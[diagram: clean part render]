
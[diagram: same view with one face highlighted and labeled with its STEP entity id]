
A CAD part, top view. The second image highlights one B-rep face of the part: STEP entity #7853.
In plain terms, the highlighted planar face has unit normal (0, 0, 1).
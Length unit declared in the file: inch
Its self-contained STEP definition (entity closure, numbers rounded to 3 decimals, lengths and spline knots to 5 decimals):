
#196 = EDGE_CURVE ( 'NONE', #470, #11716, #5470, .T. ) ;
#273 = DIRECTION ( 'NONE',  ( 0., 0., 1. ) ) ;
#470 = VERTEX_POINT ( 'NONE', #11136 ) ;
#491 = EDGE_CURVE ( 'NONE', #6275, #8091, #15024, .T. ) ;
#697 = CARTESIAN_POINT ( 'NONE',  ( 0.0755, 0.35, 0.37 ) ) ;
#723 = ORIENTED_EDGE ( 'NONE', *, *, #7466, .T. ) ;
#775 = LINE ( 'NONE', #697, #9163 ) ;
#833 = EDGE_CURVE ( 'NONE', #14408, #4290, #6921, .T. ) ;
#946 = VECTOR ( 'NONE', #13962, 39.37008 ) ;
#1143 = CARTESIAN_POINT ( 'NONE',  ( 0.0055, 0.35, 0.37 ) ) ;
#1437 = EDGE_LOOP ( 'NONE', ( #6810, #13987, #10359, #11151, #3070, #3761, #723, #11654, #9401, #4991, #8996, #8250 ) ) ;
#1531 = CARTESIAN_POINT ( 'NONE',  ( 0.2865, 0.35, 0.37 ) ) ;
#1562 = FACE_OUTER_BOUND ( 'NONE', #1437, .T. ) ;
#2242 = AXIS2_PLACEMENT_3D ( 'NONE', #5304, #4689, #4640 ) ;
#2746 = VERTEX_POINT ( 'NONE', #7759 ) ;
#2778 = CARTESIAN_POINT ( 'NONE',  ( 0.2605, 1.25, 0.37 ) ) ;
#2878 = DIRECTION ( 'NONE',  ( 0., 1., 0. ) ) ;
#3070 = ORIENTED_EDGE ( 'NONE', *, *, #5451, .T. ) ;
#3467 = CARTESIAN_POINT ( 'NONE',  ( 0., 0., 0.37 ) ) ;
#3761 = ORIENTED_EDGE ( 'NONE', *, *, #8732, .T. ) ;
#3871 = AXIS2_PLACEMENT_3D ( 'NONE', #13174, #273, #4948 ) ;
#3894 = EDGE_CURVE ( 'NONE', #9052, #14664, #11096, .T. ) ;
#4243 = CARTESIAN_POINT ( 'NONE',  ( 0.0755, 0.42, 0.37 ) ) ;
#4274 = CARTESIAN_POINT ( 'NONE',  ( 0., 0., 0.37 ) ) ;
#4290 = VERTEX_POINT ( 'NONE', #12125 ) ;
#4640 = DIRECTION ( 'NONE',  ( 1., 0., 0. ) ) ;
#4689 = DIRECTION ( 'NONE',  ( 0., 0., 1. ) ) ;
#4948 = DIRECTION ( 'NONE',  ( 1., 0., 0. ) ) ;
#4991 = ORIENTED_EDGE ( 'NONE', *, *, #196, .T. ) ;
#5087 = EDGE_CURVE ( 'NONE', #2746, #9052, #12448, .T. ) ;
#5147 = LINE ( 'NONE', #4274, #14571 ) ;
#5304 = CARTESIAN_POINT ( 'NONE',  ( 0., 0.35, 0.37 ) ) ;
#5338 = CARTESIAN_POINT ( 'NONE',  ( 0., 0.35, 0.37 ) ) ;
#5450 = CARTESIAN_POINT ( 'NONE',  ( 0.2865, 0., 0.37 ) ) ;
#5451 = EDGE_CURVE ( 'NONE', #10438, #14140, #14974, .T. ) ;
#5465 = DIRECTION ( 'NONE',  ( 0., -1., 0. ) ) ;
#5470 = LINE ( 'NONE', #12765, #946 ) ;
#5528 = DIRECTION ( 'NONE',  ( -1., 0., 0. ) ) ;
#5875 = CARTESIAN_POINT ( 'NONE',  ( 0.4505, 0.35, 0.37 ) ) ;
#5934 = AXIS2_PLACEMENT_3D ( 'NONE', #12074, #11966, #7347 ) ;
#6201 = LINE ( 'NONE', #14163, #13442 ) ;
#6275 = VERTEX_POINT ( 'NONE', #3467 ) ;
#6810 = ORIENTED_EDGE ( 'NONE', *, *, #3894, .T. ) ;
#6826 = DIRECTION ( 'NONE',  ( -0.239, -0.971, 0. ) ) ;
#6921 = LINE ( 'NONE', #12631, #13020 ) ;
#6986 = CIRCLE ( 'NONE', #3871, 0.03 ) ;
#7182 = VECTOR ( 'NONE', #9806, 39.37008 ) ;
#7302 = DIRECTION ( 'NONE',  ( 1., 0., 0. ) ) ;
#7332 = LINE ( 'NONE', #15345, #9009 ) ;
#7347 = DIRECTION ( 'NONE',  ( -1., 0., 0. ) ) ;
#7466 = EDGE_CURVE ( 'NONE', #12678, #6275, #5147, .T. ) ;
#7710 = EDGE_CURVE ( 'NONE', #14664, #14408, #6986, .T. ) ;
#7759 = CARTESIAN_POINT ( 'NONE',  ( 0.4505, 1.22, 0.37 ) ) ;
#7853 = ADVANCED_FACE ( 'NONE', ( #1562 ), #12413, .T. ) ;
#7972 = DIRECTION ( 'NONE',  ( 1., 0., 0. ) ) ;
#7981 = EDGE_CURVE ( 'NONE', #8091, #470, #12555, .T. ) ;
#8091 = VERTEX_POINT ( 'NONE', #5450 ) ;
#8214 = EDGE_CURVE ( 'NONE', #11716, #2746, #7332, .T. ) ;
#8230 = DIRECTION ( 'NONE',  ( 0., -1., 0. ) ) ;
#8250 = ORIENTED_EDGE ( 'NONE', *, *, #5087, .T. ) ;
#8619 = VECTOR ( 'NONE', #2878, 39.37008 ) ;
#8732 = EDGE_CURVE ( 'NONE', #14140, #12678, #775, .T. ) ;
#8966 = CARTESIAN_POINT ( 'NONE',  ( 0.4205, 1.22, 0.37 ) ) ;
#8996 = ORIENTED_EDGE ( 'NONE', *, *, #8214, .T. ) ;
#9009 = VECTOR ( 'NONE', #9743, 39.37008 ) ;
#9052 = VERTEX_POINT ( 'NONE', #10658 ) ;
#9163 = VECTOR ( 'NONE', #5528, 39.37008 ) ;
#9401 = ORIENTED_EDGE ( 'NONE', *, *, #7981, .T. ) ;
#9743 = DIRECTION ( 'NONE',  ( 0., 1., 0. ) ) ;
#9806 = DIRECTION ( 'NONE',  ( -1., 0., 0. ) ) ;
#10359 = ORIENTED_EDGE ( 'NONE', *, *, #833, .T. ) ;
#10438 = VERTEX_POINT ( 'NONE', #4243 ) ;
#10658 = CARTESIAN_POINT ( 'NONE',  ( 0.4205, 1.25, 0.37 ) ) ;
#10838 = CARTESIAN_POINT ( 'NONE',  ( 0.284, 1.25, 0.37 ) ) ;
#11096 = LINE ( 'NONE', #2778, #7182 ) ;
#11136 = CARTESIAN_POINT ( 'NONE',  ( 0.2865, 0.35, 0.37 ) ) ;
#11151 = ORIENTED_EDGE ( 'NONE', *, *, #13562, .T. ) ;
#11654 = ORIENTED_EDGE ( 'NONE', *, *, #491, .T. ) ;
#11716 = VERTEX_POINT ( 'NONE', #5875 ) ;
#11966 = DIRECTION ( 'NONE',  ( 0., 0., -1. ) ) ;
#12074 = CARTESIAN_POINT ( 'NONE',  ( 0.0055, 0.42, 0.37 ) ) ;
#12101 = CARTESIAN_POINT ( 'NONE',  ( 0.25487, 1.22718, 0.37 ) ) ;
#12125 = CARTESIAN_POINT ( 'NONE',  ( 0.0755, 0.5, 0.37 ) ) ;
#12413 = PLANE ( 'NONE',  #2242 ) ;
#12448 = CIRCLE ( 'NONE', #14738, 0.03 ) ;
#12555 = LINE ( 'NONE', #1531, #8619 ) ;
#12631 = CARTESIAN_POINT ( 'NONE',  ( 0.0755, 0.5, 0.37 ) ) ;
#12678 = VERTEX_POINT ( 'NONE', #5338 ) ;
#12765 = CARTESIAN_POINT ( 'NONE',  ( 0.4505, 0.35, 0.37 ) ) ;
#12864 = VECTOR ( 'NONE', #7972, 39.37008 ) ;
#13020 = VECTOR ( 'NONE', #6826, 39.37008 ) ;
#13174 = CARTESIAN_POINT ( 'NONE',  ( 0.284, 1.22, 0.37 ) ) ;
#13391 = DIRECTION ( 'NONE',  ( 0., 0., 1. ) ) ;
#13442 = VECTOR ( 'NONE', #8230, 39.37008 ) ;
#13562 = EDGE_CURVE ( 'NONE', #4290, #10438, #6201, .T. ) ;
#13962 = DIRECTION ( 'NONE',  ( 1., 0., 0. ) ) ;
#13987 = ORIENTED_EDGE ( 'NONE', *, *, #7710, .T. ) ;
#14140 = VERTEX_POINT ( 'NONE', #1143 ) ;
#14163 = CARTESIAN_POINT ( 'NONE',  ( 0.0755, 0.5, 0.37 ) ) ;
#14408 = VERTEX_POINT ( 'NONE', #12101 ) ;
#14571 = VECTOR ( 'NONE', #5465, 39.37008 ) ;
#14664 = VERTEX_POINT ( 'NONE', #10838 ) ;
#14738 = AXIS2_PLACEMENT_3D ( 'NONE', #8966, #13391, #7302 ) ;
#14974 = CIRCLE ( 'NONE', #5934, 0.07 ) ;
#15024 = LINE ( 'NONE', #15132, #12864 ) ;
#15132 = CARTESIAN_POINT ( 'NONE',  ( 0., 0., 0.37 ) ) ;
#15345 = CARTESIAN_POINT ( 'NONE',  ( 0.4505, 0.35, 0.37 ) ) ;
────
◆ **EXERCISE AIM**
Return each line in the records that holds the string "STEP".

◆ **FINAL ANSWER**
[diagram: same view with one face highlighted and labeled with its STEP entity id]
A CAD part, top view. The second image highlights one B-rep face of the part: STEP entity #7853.
Its self-contained STEP definition (entity closure, numbers rounded to 3 decimals, lengths and spline knots to 5 decimals):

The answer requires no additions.